Our family did a Christmas gift exchange rather that each of us buying for all 15 of us. Many of us listed gift cards as of gift of choice. We then listed three sources of gift cards. I listed Audible.com. Had I known I was getting a Kindle, I would have listed amazon.com as my gift card(s) of choice.


----------



## ElaineOK (Jun 5, 2009)

I suspected a troll as soon as I saw the reference to Amazon as a less than reputable company.  You can call Amazon a lot of things, but not reputable ain't on the list.

Elaine
Norman, Oklahoma


----------



## Ann in Arlington (Oct 27, 2008)

jmiked said:


> Wonder what I'm doing wrong, I've never gotten one of those.
> 
> Mike


I have an Amazon logo card so it's not an issues since all the charges are _from_ Amazon. 


KindleChickie said:


> I think I need the gift cards.
> 
> I had subscribed to a couple dozen blogs and meant to cancel most of them prior to the end of the trial period. I missed by a day and got charged. I went on my account and unsubscribed to most of them. Amazon credited my credit card without me asking and the cc company locked my card for suspicious charges. Honestly, I was more mad at my cc company. How come they didnt lock for the 40 plus small charges, but locked for the 40 small refunds? Who are they supposed to be protecting?
> 
> Yeah, think I will do the gift card thingy this mornin.


Gift cards won't help with that. Blogs and newspapers and things will always charge to the CC of record. That said, if you accidentally get billed because you forget to cancel a trial, go ahead and cancel anyway. Chances are they'll refund the unused portion of the month you paid for. If it's within a couple of days you may get the full amount back.


vaughnmr said:


> This person also posted the exact same message on the MobileRead forum, word for word. Complained several times about Amazon, but refused to use "manage your Kindle" to redownload his "supposedly" erased book. I strongly suspect a "nooky" troll is trying to make up for the disaster B&N had yesterday...

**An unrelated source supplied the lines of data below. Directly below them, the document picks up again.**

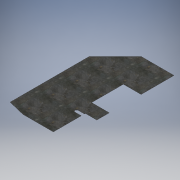
# Autodesk Inventor part: Gearbox-Side Cover Part 1
Saved by Autodesk Inventor 2018 (Build 220112000, 112)
## iProperties
Created: 2018-08-07
Part Number: Gearbox-Side Cover Part 1
Material: Steel
Document SubType Name: Modeling
Designer: P301319
Density: 7.85 g/cm^3
Appearance: Plate
Sheet Metal Rule: Default
Author: P301319
Autodesk Inventor part; units mm, degrees
ref_plane "YZ Plane" through (0, 0, 0) normal (1, 0, 0) x (0, 1, 0)
ref_plane "XZ Plane" through (0, 0, 0) normal (0, 1, 0) x (-1, 0, 0)
ref_plane "XY Plane" through (0, 0, 0) normal (0, 0, 1) x (1, 0, 0)
sketch "Sketch1" plane through (0, 0, 0) normal (0, 0, 1) x (1, 0, 0)
  line L0 (0, 0) -> (223, 0)
  line L1 (0, 0) -> (-123, 30)
  line L2 (0, 0) -> (236.9147, 0) construction
  line L3 (-123, 609.0812) -> (-123, 30)
  line L4 (67.9188, 800) -> (307, 800)
  line L5 (307, 800) -> (307, 560)
  line L6 (307, 560) -> (177, 560)
  line L7 (223, 235) -> (307, 235)
  line L8 (307, 325) -> (307, 235)
  line L9 (178, 203.5) -> (223, 203.5)
  line L10 (178, 228.5) -> (223, 228.5)
  arc A0 (178, 228.5) -> (178, 203.5) centre (178, 216) ccw
  line L11 (223, 0) -> (223, 203.5)
  line L12 (223, 228.5) -> (223, 235)
  line L13 (177, 560) -> (177, 325)
  line L14 (177, 325) -> (307, 325)
  line L15 (67.9188, 800) -> (-123, 609.0812)
  line L16 (67.9188, 800) -> (337.9188, 800) construction
  dimension "d0" = 223
  dimension "d3" = 123
  dimension "d6" = 800
  dimension "d7" = 240
  dimension "d8" = 130
  dimension "d11" = 235
  dimension "d14" = 25
  dimension "d16" = 216
  dimension "d18" = 45
  dimension "d19" = 430
  dimension "d22" = 130
  dimension "d23" = 235
  dimension "d25" = 30
  dimension "d26" = 270
  dimension "d27" = 135
  constraints: 36 end point, 7 horizontal, 4 perpendicular, 4 vertical, 2 point on circle, 2 tangent, 1 centre point, 1 equal length, 1 parallel, 1 vertical alignment
  measures "d0" distance of L0.start L0.end
  measures "d3" distance from line of L0.start L3
  measures "d6" distance between parallel lines of L0 L4
  measures "d7" distance of L4.end L5.end
  measures "d8" distance of L5.end L6.end
  measures "d11" distance of L0.end L7.start
  measures "d14" distance between parallel lines of L9 L10
  measures "d16" vertical distance of L0.start A0.centre
  measures "d18" distance of L9.start L9.end
  measures "d19" distance between parallel lines of L3 L5
  measures "d22" distance of L13.end L8.start
  measures "d23" distance of L6.end L13.end
  measures "d25" vertical distance of L0.start L1.end
  measures "d26" distance of L3.start L4.start
  measures "d27" angle of L15 L16
extrude "Extrusion1" add sketch "Sketch1" along normal blind 1.6
equation "\"d22\" = d8"
equation "\"BendRadius\" = Thickness"
equation "\"BendReliefWidth\" = Thickness"
equation "\"BendReliefDepth\" = 0.5 * Thickness"
equation "\"CornerReliefSize\" = 4 * Thickness"
equation "\"MinimumRemnant\" = 2 * Thickness"
equation "\"TransitionRadius\" = BendRadius"
equation "\"JacobiRadiusSize\" = Thickness"
equation "\"GapSize\" = Thickness"
equation "\"Thickness\" = 0.5"
body "Solid1"
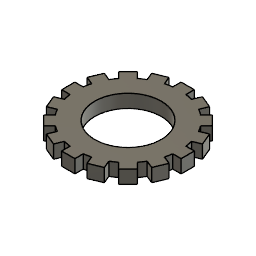
29aug2 (Autodesk Fusion 360 design; units mm, degrees)
part number: 2026-08-29-10-35-58-501
Autodesk Fusion 360 part; units mm, degrees
sketch "Sketch1" plane through (0, 0, 0) normal (0, 1, 0) x (1, 0, 0)
  circle A0 centre (0, 0) radius 25
  circle A1 centre (0, 0) radius 39
  line L0 (5, 45) -> (-5, 45)
  line L1 (-5, -45) -> (5, -45)
  line L2 (-5, 45) -> (-5, 38.6782)
  line L3 (-5, -38.6782) -> (-5, -45)
  line L4 (-5, 45) -> (-4.9694, 44.7248) construction
  line L5 (4.9694, -44.7248) -> (5, -45) construction
  line L6 (5, 45) -> (4.9694, 44.7248) construction
  line L7 (-4.9694, -44.7248) -> (-5, -45) construction
  line L8 (5, -45) -> (5, -38.6782)
  line L9 (5, 38.6782) -> (5, 45)
  line L10 (-10.1821, 37.6474) -> (-12.6014, 43.488)
  line L11 (-12.6014, 43.488) -> (-21.8402, 39.6612)
  line L12 (-21.8402, 39.6612) -> (-19.4209, 33.8205)
  line L13 (21.8402, -39.6612) -> (19.4209, -33.8205)
  line L14 (12.6014, -43.488) -> (21.8402, -39.6612)
  line L15 (10.1821, -37.6474) -> (12.6014, -43.488)
  line L16 (-23.8141, 30.8851) -> (-28.2843, 35.3553)
  line L17 (-28.2843, 35.3553) -> (-35.3553, 28.2843)
  line L18 (-35.3553, 28.2843) -> (-30.8851, 23.8141)
  line L19 (35.3553, -28.2843) -> (30.8851, -23.8141)
  line L20 (28.2843, -35.3553) -> (35.3553, -28.2843)
  line L21 (23.8141, -30.8851) -> (28.2843, -35.3553)
  line L22 (-33.8205, 19.4209) -> (-39.6612, 21.8402)
  line L23 (-39.6612, 21.8402) -> (-43.488, 12.6014)
  line L24 (-43.488, 12.6014) -> (-37.6474, 10.1821)
  line L25 (43.488, -12.6014) -> (37.6474, -10.1821)
  line L26 (39.6612, -21.8402) -> (43.488, -12.6014)
  line L27 (33.8205, -19.4209) -> (39.6612, -21.8402)
  line L28 (-38.6782, 5) -> (-45, 5)
  line L29 (-45, 5) -> (-45, -5)
  line L30 (-45, -5) -> (-38.6782, -5)
  line L31 (45, 5) -> (38.6782, 5)
  line L32 (45, -5) -> (45, 5)
  line L33 (38.6782, -5) -> (45, -5)
  line L34 (-37.6474, -10.1821) -> (-43.488, -12.6014)
  line L35 (-43.488, -12.6014) -> (-39.6612, -21.8402)
  line L36 (-39.6612, -21.8402) -> (-33.8205, -19.4209)
  line L37 (39.6612, 21.8402) -> (33.8205, 19.4209)
  line L38 (43.488, 12.6014) -> (39.6612, 21.8402)
  line L39 (37.6474, 10.1821) -> (43.488, 12.6014)
  line L40 (-30.8851, -23.8141) -> (-35.3553, -28.2843)
  line L41 (-35.3553, -28.2843) -> (-28.2843, -35.3553)
  line L42 (-28.2843, -35.3553) -> (-23.8141, -30.8851)
  line L43 (28.2843, 35.3553) -> (23.8141, 30.8851)
  line L44 (35.3553, 28.2843) -> (28.2843, 35.3553)
  line L45 (30.8851, 23.8141) -> (35.3553, 28.2843)
  line L46 (-19.4209, -33.8205) -> (-21.8402, -39.6612)
  line L47 (-21.8402, -39.6612) -> (-12.6014, -43.488)
  line L48 (-12.6014, -43.488) -> (-10.1821, -37.6474)
  line L49 (12.6014, 43.488) -> (10.1821, 37.6474)
  line L50 (21.8402, 39.6612) -> (12.6014, 43.488)
  line L51 (19.4209, 33.8205) -> (21.8402, 39.6612)
  line L52 (-5, -38.6782) -> (-5, -45)
  line L53 (-5, -45) -> (5, -45)
  line L54 (5, -45) -> (5, -38.6782)
  line L55 (-5, 45) -> (-5, 38.6782)
  line L56 (5, 45) -> (-5, 45)
  line L57 (5, 38.6782) -> (5, 45)
  line L58 (10.1821, -37.6474) -> (12.6014, -43.488)
  line L59 (12.6014, -43.488) -> (21.8402, -39.6612)
  line L60 (21.8402, -39.6612) -> (19.4209, -33.8205)
  line L61 (-21.8402, 39.6612) -> (-19.4209, 33.8205)
  line L62 (-12.6014, 43.488) -> (-21.8402, 39.6612)
  line L63 (-10.1821, 37.6474) -> (-12.6014, 43.488)
  line L64 (23.8141, -30.8851) -> (28.2843, -35.3553)
  line L65 (28.2843, -35.3553) -> (35.3553, -28.2843)
  line L66 (35.3553, -28.2843) -> (30.8851, -23.8141)
  line L67 (-35.3553, 28.2843) -> (-30.8851, 23.8141)
  line L68 (-28.2843, 35.3553) -> (-35.3553, 28.2843)
  line L69 (-23.8141, 30.8851) -> (-28.2843, 35.3553)
  line L70 (33.8205, -19.4209) -> (39.6612, -21.8402)
  line L71 (39.6612, -21.8402) -> (43.488, -12.6014)
  line L72 (43.488, -12.6014) -> (37.6474, -10.1821)
  line L73 (-43.488, 12.6014) -> (-37.6474, 10.1821)
  line L74 (-39.6612, 21.8402) -> (-43.488, 12.6014)
  line L75 (-33.8205, 19.4209) -> (-39.6612, 21.8402)
  line L76 (38.6782, -5) -> (45, -5)
  line L77 (45, -5) -> (45, 5)
  line L78 (45, 5) -> (38.6782, 5)
  line L79 (-45, -5) -> (-38.6782, -5)
  line L80 (-45, 5) -> (-45, -5)
  line L81 (-38.6782, 5) -> (-45, 5)
  line L82 (37.6474, 10.1821) -> (43.488, 12.6014)
  line L83 (43.488, 12.6014) -> (39.6612, 21.8402)
  line L84 (39.6612, 21.8402) -> (33.8205, 19.4209)
  line L85 (-39.6612, -21.8402) -> (-33.8205, -19.4209)
  line L86 (-43.488, -12.6014) -> (-39.6612, -21.8402)
  line L87 (-37.6474, -10.1821) -> (-43.488, -12.6014)
  line L88 (30.8851, 23.8141) -> (35.3553, 28.2843)
  line L89 (35.3553, 28.2843) -> (28.2843, 35.3553)
  line L90 (28.2843, 35.3553) -> (23.8141, 30.8851)
  line L91 (-28.2843, -35.3553) -> (-23.8141, -30.8851)
  line L92 (-35.3553, -28.2843) -> (-28.2843, -35.3553)
  line L93 (-30.8851, -23.8141) -> (-35.3553, -28.2843)
  line L94 (19.4209, 33.8205) -> (21.8402, 39.6612)
  line L95 (21.8402, 39.6612) -> (12.6014, 43.488)
  line L96 (12.6014, 43.488) -> (10.1821, 37.6474)
  line L97 (-12.6014, -43.488) -> (-10.1821, -37.6474)
  line L98 (-21.8402, -39.6612) -> (-12.6014, -43.488)
  line L99 (-19.4209, -33.8205) -> (-21.8402, -39.6612)
  dimension "d1" = 50
  dimension "d3" = 78
  dimension "d4" = 10
  dimension "d5" = 90
  dimension "d7" = 360
  constraint coincident A0.centre A1.centre
  constraint concentric A0 A1
  constraint horizontal L0
  constraint perpendicular L0 L2
  constraint parallel L0 L1
  constraint parallel L2 L9
  constraint coincident A0.centre L7
  constraint coincident A0.centre L5
  constraint coincident A1 L2.end
  constraint collinear L2 L3
  constraint collinear L4 L5
  constraint collinear L6 L7
  constraint coincident A1 L9.start
  constraint collinear L8 L9
  constraint coincident A1 L8.end
  constraint coincident A1 L3.start
  measures "d1" diameter of A0
  measures "d3" diameter of A1
  measures "d4" distance of L1.start L1.end
  measures "d5" distance of L0.end L1.start
extrude "Extrude1" add sketch "Sketch1" along normal blind 10

Welcome to KindleBoards! As you'll find if you explore a bit, there's lots to do and discuss around here. As to the OP, well, we expect that we'll get a lot of new or newish users in the next few days -- and it's certainly possible that many will be spammish or trollish. Still we generally, we try to take all questions at face value: "kill 'em with kindness" if you will!  They either realize that this is the friendliest place on the web and decide to just enjoy it  or get bored with the nice folks here and take any nastiness elsewhere. Incidentally, if you -- or anyone -- notice a post that seems questionable please use the "report this post" link to let the moderators know.


----------



## cheerio (May 16, 2009)

Betsy the Quilter said:


> When you order on the Kindle, the order gets placed as soon as you click "Buy." Then you are given an opportunity to say you ordered in error and cancel the order. But the order has been made.
> 
> For the other book, have you checked your online account to see if the book is in your online account even if it didn't download to your Kindle? Check your archive instead of the home page to see if the book is there. It may not have downloaded.
> 
> Betsy


weird


----------



## SusanCassidy (Nov 9, 2008)

This post was on the Amazon forum, as well.


----------



## Betsy the Quilter (Oct 27, 2008)

Like Ann said, we work from the assumption of good faith here.  Well, that's not what she said, I'm paraphrasing. Or parasailing. Or something.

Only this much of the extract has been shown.